- [Provided data]
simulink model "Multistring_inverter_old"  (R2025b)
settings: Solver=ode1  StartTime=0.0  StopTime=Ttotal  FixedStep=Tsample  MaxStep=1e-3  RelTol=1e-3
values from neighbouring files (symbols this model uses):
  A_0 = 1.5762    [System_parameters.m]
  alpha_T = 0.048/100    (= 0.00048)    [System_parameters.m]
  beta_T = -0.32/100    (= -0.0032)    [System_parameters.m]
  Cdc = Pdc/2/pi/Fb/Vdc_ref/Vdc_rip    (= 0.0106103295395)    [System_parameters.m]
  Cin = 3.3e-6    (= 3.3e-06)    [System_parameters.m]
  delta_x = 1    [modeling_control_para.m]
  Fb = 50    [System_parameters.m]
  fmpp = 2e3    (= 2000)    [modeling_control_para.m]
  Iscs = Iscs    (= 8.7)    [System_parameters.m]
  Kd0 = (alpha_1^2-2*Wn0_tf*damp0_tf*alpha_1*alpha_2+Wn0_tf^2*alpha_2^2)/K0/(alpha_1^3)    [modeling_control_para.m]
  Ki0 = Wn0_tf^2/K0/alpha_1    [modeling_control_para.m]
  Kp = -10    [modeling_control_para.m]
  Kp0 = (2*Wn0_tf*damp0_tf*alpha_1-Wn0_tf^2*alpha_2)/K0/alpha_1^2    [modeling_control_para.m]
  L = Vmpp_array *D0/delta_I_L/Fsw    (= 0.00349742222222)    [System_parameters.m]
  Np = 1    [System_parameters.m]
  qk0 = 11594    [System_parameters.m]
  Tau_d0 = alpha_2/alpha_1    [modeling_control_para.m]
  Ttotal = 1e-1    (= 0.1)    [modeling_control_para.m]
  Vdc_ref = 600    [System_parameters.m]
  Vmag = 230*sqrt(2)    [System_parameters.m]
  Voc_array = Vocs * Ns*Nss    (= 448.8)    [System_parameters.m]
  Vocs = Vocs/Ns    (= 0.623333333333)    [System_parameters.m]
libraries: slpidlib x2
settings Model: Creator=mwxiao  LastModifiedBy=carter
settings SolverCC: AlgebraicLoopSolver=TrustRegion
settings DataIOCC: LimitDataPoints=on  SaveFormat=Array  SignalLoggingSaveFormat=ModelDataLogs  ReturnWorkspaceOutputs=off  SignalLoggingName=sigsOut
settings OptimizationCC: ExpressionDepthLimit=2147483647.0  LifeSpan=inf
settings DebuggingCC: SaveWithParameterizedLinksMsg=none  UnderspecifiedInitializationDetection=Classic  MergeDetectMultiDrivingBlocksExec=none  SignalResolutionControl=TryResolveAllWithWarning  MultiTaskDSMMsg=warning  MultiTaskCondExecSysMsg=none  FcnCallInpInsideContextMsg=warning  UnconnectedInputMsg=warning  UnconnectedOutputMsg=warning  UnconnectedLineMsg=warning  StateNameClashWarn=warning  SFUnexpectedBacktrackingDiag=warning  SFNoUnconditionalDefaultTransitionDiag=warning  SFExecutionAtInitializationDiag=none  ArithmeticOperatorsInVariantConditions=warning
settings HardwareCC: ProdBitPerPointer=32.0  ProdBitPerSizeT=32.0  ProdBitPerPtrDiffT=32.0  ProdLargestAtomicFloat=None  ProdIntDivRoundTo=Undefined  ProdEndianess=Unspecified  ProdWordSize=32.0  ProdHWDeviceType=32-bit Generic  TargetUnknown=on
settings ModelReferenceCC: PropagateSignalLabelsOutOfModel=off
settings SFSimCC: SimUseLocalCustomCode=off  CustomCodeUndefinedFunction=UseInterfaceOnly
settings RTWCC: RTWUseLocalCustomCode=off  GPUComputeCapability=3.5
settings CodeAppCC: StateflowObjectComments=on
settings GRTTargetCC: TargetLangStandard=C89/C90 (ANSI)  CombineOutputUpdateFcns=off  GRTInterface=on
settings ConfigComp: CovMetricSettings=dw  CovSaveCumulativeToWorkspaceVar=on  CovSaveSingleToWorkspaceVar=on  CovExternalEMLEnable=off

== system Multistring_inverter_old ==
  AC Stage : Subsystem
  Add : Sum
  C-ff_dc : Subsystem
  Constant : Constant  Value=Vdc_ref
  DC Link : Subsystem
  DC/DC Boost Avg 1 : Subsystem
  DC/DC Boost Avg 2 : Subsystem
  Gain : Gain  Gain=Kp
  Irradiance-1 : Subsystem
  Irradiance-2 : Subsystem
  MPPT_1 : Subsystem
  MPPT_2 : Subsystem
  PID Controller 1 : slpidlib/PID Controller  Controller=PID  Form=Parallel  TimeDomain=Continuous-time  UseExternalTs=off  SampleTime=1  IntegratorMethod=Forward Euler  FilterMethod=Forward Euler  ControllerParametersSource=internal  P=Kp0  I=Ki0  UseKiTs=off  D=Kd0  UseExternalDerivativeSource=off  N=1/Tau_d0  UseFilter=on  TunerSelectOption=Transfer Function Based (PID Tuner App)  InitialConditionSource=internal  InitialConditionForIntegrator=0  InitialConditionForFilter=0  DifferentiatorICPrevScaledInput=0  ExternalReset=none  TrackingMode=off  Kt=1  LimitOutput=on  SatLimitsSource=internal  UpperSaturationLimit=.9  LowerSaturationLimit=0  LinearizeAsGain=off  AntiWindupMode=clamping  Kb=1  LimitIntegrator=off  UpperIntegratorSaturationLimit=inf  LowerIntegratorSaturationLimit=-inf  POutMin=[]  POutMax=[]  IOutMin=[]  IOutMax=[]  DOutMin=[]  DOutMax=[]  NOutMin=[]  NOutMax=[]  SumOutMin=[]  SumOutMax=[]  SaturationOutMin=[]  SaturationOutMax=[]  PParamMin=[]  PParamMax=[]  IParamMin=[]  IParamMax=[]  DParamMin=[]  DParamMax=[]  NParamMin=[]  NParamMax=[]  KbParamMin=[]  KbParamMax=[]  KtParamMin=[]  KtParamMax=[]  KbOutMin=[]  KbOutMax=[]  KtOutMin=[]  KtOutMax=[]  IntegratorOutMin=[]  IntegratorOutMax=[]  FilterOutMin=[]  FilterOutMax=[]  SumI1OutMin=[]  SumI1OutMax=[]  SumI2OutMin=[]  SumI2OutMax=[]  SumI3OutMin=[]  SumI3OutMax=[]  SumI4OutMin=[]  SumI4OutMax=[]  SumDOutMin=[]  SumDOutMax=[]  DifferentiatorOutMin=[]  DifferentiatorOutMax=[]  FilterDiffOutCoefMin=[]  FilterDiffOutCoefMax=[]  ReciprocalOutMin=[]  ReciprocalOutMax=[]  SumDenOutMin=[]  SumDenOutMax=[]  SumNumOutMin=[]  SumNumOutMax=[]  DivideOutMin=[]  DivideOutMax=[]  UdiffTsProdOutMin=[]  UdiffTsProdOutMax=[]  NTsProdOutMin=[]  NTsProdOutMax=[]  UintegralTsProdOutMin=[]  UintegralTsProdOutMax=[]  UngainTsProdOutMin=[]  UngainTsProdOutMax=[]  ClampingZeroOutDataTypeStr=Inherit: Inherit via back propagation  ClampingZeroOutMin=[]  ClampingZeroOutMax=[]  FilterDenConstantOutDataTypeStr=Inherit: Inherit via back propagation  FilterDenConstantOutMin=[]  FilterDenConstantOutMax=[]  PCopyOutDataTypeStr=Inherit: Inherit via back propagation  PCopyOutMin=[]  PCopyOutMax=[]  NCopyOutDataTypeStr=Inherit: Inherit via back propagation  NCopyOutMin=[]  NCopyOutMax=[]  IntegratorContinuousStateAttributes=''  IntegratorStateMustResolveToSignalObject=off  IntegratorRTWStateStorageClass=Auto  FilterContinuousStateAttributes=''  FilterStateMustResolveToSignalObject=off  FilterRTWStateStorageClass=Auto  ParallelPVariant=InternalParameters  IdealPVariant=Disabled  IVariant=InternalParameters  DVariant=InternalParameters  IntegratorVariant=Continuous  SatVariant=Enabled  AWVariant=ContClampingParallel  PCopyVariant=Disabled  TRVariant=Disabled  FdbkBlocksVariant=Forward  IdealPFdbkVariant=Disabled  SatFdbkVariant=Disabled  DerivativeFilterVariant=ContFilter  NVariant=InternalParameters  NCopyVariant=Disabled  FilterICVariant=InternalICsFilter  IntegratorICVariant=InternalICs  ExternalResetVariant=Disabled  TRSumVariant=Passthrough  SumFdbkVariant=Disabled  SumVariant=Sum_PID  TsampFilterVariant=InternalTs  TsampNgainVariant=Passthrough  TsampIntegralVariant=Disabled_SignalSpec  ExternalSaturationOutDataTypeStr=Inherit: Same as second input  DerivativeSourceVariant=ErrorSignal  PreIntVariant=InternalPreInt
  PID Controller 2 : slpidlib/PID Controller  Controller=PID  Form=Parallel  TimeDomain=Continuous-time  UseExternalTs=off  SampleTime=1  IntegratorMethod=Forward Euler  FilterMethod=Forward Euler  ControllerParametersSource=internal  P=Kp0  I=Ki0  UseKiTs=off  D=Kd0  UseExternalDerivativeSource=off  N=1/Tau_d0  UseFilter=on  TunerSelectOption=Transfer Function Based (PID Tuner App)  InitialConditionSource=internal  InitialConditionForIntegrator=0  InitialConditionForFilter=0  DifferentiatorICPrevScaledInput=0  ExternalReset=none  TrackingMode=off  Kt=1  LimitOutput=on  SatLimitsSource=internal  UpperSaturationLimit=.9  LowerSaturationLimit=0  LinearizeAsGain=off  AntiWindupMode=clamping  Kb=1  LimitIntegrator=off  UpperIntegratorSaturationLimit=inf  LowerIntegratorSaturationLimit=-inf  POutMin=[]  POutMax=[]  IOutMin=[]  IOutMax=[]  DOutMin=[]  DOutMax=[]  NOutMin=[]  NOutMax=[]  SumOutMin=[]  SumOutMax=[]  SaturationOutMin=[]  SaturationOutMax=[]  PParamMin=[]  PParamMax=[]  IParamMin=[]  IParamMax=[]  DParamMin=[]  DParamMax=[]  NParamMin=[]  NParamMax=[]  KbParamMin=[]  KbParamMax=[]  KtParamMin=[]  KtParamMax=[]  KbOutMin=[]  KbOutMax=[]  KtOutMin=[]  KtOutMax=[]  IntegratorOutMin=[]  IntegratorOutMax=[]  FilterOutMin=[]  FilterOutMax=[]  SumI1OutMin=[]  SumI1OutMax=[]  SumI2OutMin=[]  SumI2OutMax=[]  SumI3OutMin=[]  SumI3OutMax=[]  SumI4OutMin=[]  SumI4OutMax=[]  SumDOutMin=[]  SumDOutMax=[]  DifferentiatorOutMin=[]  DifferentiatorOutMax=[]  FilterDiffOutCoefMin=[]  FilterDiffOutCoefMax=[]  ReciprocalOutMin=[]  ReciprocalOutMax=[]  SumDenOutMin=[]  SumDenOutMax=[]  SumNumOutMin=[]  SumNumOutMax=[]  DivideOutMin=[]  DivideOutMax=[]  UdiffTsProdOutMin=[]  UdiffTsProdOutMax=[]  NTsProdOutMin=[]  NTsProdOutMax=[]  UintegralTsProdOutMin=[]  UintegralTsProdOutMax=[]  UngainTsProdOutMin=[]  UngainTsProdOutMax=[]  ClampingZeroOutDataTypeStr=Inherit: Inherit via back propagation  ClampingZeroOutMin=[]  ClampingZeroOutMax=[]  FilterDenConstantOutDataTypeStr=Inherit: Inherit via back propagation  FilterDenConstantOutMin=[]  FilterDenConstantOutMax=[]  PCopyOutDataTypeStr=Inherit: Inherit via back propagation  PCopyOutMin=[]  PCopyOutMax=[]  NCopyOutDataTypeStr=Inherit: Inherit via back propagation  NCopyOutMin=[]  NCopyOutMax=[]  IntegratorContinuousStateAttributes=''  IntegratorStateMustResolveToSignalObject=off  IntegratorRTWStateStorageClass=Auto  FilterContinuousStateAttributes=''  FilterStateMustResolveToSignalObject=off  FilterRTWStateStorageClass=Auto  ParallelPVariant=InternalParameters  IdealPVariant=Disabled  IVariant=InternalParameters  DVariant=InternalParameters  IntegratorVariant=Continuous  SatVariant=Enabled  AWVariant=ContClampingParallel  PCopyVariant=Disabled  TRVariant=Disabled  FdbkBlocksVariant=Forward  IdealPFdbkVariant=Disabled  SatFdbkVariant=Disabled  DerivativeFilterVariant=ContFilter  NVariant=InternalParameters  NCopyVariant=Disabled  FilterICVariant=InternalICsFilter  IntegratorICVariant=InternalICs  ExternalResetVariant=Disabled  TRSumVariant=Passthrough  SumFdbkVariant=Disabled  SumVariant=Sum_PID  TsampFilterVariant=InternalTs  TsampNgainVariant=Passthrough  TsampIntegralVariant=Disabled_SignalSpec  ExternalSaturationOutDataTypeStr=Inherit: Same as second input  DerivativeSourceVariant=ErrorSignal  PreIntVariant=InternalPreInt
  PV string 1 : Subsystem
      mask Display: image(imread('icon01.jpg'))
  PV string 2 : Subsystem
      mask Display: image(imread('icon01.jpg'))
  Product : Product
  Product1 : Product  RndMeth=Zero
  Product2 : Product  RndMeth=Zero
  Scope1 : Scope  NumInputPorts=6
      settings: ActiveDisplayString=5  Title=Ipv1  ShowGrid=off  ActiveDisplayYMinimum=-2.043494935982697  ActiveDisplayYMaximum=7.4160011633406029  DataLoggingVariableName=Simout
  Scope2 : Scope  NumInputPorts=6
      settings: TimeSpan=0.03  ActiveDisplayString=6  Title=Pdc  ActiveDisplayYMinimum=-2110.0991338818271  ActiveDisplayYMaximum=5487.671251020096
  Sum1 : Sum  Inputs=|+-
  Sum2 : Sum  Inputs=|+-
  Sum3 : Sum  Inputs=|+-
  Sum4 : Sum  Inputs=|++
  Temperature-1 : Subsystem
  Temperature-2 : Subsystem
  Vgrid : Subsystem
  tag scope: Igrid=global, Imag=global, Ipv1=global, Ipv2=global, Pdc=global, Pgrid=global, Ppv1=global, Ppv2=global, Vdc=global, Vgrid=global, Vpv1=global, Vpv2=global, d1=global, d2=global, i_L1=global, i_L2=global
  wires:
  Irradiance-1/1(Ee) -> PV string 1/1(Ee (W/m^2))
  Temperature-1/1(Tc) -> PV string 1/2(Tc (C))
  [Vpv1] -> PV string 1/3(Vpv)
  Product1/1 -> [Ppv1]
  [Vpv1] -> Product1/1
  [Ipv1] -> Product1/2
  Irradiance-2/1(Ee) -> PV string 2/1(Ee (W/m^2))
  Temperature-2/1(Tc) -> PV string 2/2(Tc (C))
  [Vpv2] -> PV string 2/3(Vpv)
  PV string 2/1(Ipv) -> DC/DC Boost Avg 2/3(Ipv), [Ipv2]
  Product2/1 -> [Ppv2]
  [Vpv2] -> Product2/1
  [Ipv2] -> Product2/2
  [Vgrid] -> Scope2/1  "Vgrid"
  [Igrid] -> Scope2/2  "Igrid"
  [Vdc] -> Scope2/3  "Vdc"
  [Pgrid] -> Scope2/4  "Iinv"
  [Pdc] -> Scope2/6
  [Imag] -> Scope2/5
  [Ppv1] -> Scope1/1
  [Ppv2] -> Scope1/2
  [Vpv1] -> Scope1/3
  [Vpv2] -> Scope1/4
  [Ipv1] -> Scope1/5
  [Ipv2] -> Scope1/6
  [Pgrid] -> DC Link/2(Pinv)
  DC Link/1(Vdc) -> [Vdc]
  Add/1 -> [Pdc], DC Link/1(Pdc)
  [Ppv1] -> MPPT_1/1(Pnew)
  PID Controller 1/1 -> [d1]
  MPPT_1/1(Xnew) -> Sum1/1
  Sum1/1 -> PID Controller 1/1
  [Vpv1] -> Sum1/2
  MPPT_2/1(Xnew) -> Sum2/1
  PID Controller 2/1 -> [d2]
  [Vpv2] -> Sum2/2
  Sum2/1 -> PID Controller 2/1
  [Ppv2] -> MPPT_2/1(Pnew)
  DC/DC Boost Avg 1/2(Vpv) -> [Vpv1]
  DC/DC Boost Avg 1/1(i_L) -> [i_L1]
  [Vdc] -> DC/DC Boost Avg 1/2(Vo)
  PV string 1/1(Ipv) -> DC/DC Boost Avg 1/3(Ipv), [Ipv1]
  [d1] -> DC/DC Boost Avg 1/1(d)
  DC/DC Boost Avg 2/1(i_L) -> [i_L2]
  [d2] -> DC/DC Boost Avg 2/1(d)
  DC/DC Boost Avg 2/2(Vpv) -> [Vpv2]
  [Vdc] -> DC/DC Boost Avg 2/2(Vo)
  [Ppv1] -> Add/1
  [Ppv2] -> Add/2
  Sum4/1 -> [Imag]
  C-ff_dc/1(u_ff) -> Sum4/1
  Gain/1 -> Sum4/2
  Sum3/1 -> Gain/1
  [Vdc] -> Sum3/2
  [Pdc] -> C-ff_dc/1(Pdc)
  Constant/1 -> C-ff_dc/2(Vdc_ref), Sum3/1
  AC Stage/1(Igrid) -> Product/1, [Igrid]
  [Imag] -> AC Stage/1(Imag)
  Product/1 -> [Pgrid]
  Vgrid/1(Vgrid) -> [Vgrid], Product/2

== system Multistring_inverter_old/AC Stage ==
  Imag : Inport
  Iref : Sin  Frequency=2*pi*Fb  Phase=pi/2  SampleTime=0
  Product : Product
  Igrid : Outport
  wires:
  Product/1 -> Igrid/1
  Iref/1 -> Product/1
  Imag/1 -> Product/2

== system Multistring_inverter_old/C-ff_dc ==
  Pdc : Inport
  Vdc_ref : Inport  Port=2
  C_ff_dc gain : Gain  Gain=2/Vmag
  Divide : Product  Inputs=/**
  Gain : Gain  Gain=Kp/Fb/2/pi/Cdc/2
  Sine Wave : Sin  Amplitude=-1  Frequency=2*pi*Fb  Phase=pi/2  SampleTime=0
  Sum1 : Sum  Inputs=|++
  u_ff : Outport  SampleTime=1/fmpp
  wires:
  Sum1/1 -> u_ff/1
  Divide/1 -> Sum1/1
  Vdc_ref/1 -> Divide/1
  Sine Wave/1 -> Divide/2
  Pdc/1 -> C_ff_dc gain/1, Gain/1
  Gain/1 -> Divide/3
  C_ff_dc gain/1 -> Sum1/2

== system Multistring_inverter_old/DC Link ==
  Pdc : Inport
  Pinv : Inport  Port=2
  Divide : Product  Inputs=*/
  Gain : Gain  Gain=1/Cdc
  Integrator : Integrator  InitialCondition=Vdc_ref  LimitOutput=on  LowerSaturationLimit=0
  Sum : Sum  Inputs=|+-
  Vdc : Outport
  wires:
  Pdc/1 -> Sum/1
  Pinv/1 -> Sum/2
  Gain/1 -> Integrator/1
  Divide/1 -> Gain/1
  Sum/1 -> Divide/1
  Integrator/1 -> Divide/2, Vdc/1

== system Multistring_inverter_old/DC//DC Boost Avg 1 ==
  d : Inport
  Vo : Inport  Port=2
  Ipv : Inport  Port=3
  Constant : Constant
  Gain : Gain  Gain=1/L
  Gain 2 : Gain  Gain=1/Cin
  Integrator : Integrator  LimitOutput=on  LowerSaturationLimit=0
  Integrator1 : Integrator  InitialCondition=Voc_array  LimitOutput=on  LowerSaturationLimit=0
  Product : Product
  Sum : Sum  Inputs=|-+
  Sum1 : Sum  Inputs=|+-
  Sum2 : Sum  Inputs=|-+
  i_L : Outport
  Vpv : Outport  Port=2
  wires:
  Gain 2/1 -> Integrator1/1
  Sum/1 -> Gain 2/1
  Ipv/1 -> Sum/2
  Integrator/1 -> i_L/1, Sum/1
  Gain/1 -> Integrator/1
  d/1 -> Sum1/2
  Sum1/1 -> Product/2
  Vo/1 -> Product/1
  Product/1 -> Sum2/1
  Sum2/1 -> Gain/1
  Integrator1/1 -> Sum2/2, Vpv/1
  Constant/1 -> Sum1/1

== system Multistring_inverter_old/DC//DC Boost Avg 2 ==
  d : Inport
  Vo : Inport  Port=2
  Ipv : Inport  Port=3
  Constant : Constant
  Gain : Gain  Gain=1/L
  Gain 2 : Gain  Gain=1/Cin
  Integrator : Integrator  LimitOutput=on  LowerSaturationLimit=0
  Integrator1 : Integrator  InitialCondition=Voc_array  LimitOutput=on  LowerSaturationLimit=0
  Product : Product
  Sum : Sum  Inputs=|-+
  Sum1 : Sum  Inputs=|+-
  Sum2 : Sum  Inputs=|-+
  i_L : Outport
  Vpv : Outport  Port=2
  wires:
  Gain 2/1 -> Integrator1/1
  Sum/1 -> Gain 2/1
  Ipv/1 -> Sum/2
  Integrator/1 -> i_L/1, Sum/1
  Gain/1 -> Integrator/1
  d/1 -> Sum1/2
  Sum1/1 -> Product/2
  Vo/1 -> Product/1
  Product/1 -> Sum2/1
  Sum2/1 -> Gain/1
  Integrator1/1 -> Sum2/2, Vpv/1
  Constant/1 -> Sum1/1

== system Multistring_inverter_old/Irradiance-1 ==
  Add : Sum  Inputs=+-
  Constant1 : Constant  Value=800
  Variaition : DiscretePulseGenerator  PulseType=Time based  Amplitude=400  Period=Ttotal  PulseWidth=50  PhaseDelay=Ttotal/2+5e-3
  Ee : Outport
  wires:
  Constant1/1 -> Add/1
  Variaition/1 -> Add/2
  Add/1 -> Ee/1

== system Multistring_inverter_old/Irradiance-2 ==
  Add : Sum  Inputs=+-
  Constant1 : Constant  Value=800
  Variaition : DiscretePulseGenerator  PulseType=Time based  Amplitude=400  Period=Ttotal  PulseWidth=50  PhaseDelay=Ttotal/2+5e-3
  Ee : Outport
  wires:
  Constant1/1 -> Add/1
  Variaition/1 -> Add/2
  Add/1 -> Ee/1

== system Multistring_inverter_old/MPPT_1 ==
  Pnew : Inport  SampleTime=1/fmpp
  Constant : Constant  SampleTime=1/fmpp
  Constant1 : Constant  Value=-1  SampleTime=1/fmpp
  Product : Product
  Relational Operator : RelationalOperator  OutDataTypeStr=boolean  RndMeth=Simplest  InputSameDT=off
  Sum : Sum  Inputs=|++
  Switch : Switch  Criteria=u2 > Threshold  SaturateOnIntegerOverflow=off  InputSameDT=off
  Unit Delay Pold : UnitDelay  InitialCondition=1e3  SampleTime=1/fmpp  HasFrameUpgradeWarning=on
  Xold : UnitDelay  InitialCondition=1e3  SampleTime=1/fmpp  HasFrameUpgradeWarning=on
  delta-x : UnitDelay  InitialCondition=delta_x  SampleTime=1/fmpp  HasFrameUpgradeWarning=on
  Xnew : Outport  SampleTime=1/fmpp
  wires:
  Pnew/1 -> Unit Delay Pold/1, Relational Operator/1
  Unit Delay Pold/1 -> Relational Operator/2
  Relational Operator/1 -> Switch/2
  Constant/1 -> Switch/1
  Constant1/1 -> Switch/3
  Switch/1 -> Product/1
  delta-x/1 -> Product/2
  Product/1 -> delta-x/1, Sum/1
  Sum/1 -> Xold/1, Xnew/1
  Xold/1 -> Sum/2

- [Work item]
What is wanted is one number: how many lines in the listing hold the string "Temperature".

- [Exercise answer]
4